-- Listed entries follows --

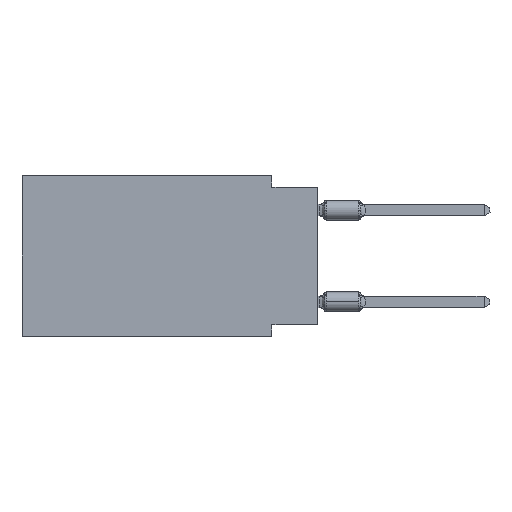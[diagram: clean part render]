
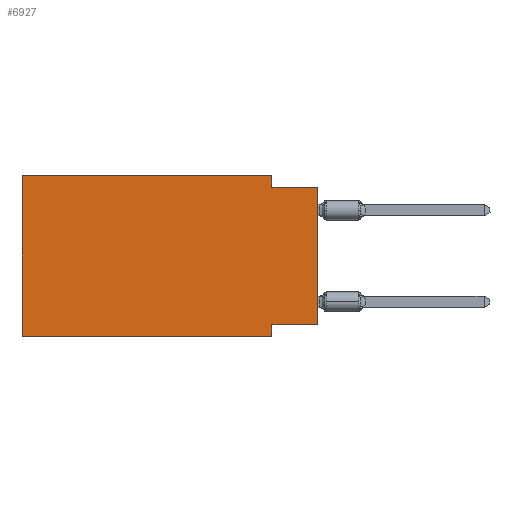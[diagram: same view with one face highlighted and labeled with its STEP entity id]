
A CAD part, left-side view. The second image highlights one B-rep face of the part: STEP entity #6927.
In plain terms, the highlighted planar face has unit normal (-1, 0, 0).
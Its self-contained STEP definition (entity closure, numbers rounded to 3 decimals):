
#468 = DIRECTION ( 'NONE',  ( 0., 1., 0. ) ) ;
#611 = PLANE ( 'NONE',  #9587 ) ;
#1064 = DIRECTION ( 'NONE',  ( 1., 0., 0. ) ) ;
#1174 = LINE ( 'NONE', #17220, #15515 ) ;
#2407 = ORIENTED_EDGE ( 'NONE', *, *, #12388, .T. ) ;
#2612 = EDGE_LOOP ( 'NONE', ( #2407, #12488, #4050, #21224, #4077, #17991, #26590, #19742 ) ) ;
#2923 = FACE_OUTER_BOUND ( 'NONE', #2612, .T. ) ;
#3185 = DIRECTION ( 'NONE',  ( 0., 0., -1. ) ) ;
#4050 = ORIENTED_EDGE ( 'NONE', *, *, #7425, .F. ) ;
#4077 = ORIENTED_EDGE ( 'NONE', *, *, #29373, .F. ) ;
#4088 = DIRECTION ( 'NONE',  ( 0., 0., -1. ) ) ;
#4640 = EDGE_CURVE ( 'NONE', #14967, #10954, #11655, .T. ) ;
#5590 = VERTEX_POINT ( 'NONE', #27127 ) ;
#5638 = LINE ( 'NONE', #9812, #18581 ) ;
#5675 = CARTESIAN_POINT ( 'NONE',  ( 0., 16.383, 0. ) ) ;
#6927 = ADVANCED_FACE ( 'NONE', ( #2923 ), #611, .F. ) ;
#7340 = CARTESIAN_POINT ( 'NONE',  ( 0., 16.383, 0. ) ) ;
#7361 = EDGE_CURVE ( 'NONE', #29915, #29138, #1174, .T. ) ;
#7425 = EDGE_CURVE ( 'NONE', #10954, #30119, #29116, .T. ) ;
#7639 = CARTESIAN_POINT ( 'NONE',  ( 0., 2.54, -8.255 ) ) ;
#8300 = VECTOR ( 'NONE', #20879, 1000. ) ;
#8841 = LINE ( 'NONE', #15496, #8300 ) ;
#9362 = DIRECTION ( 'NONE',  ( 0., 0., 1. ) ) ;
#9587 = AXIS2_PLACEMENT_3D ( 'NONE', #5675, #1064, #15084 ) ;
#9812 = CARTESIAN_POINT ( 'NONE',  ( 0., 16.383, 0. ) ) ;
#10098 = VECTOR ( 'NONE', #4088, 1000. ) ;
#10759 = EDGE_CURVE ( 'NONE', #25383, #29915, #18812, .T. ) ;
#10954 = VERTEX_POINT ( 'NONE', #24505 ) ;
#11588 = CARTESIAN_POINT ( 'NONE',  ( 0., 2.54, -8.89 ) ) ;
#11655 = LINE ( 'NONE', #7340, #29216 ) ;
#12179 = CARTESIAN_POINT ( 'NONE',  ( 0., 0., -8.255 ) ) ;
#12388 = EDGE_CURVE ( 'NONE', #25383, #20340, #16779, .T. ) ;
#12488 = ORIENTED_EDGE ( 'NONE', *, *, #24406, .F. ) ;
#13294 = DIRECTION ( 'NONE',  ( 0., -1., 0. ) ) ;
#13470 = CARTESIAN_POINT ( 'NONE',  ( 0., 2.54, -0.635 ) ) ;
#14967 = VERTEX_POINT ( 'NONE', #25537 ) ;
#15084 = DIRECTION ( 'NONE',  ( 0., 0., -1. ) ) ;
#15496 = CARTESIAN_POINT ( 'NONE',  ( 0., 16.383, -8.89 ) ) ;
#15515 = VECTOR ( 'NONE', #3185, 1000. ) ;
#16451 = CARTESIAN_POINT ( 'NONE',  ( 0., 0., -8.255 ) ) ;
#16779 = LINE ( 'NONE', #28200, #22177 ) ;
#17220 = CARTESIAN_POINT ( 'NONE',  ( 0., 2.54, -8.89 ) ) ;
#17991 = ORIENTED_EDGE ( 'NONE', *, *, #22779, .T. ) ;
#18077 = CARTESIAN_POINT ( 'NONE',  ( 0., 0., -0.635 ) ) ;
#18581 = VECTOR ( 'NONE', #28669, 1000. ) ;
#18812 = LINE ( 'NONE', #12179, #26076 ) ;
#19742 = ORIENTED_EDGE ( 'NONE', *, *, #10759, .F. ) ;
#20340 = VERTEX_POINT ( 'NONE', #20960 ) ;
#20879 = DIRECTION ( 'NONE',  ( 0., -1., 0. ) ) ;
#20960 = CARTESIAN_POINT ( 'NONE',  ( 0., 0., -0.635 ) ) ;
#21224 = ORIENTED_EDGE ( 'NONE', *, *, #4640, .F. ) ;
#21387 = DIRECTION ( 'NONE',  ( 0., -1., 0. ) ) ;
#22177 = VECTOR ( 'NONE', #9362, 1000. ) ;
#22779 = EDGE_CURVE ( 'NONE', #5590, #29138, #8841, .T. ) ;
#24406 = EDGE_CURVE ( 'NONE', #30119, #20340, #25020, .T. ) ;
#24505 = CARTESIAN_POINT ( 'NONE',  ( 0., 2.54, 0. ) ) ;
#25020 = LINE ( 'NONE', #18077, #26135 ) ;
#25383 = VERTEX_POINT ( 'NONE', #16451 ) ;
#25537 = CARTESIAN_POINT ( 'NONE',  ( 0., 16.383, 0. ) ) ;
#26076 = VECTOR ( 'NONE', #468, 1000. ) ;
#26135 = VECTOR ( 'NONE', #13294, 1000. ) ;
#26590 = ORIENTED_EDGE ( 'NONE', *, *, #7361, .F. ) ;
#27127 = CARTESIAN_POINT ( 'NONE',  ( 0., 16.383, -8.89 ) ) ;
#28200 = CARTESIAN_POINT ( 'NONE',  ( 0., 0., 0. ) ) ;
#28669 = DIRECTION ( 'NONE',  ( 0., 0., 1. ) ) ;
#29116 = LINE ( 'NONE', #29409, #10098 ) ;
#29138 = VERTEX_POINT ( 'NONE', #11588 ) ;
#29216 = VECTOR ( 'NONE', #21387, 1000. ) ;
#29373 = EDGE_CURVE ( 'NONE', #5590, #14967, #5638, .T. ) ;
#29409 = CARTESIAN_POINT ( 'NONE',  ( 0., 2.54, 0. ) ) ;
#29915 = VERTEX_POINT ( 'NONE', #7639 ) ;
#30119 = VERTEX_POINT ( 'NONE', #13470 ) ;

-- Listed entries concluded --

From the records above, give again exactly the lines running from the line with "#21224 = ORIENTED_EDGE" to the line with "#26590 = ORIENTED_EDGE", inclusive.

#21224 = ORIENTED_EDGE ( 'NONE', *, *, #4640, .F. ) ;
#21387 = DIRECTION ( 'NONE',  ( 0., -1., 0. ) ) ;
#22177 = VECTOR ( 'NONE', #9362, 1000. ) ;
#22779 = EDGE_CURVE ( 'NONE', #5590, #29138, #8841, .T. ) ;
#24406 = EDGE_CURVE ( 'NONE', #30119, #20340, #25020, .T. ) ;
#24505 = CARTESIAN_POINT ( 'NONE',  ( 0., 2.54, 0. ) ) ;
#25020 = LINE ( 'NONE', #18077, #26135 ) ;
#25383 = VERTEX_POINT ( 'NONE', #16451 ) ;
#25537 = CARTESIAN_POINT ( 'NONE',  ( 0., 16.383, 0. ) ) ;
#26076 = VECTOR ( 'NONE', #468, 1000. ) ;
#26135 = VECTOR ( 'NONE', #13294, 1000. ) ;
#26590 = ORIENTED_EDGE ( 'NONE', *, *, #7361, .F. ) ;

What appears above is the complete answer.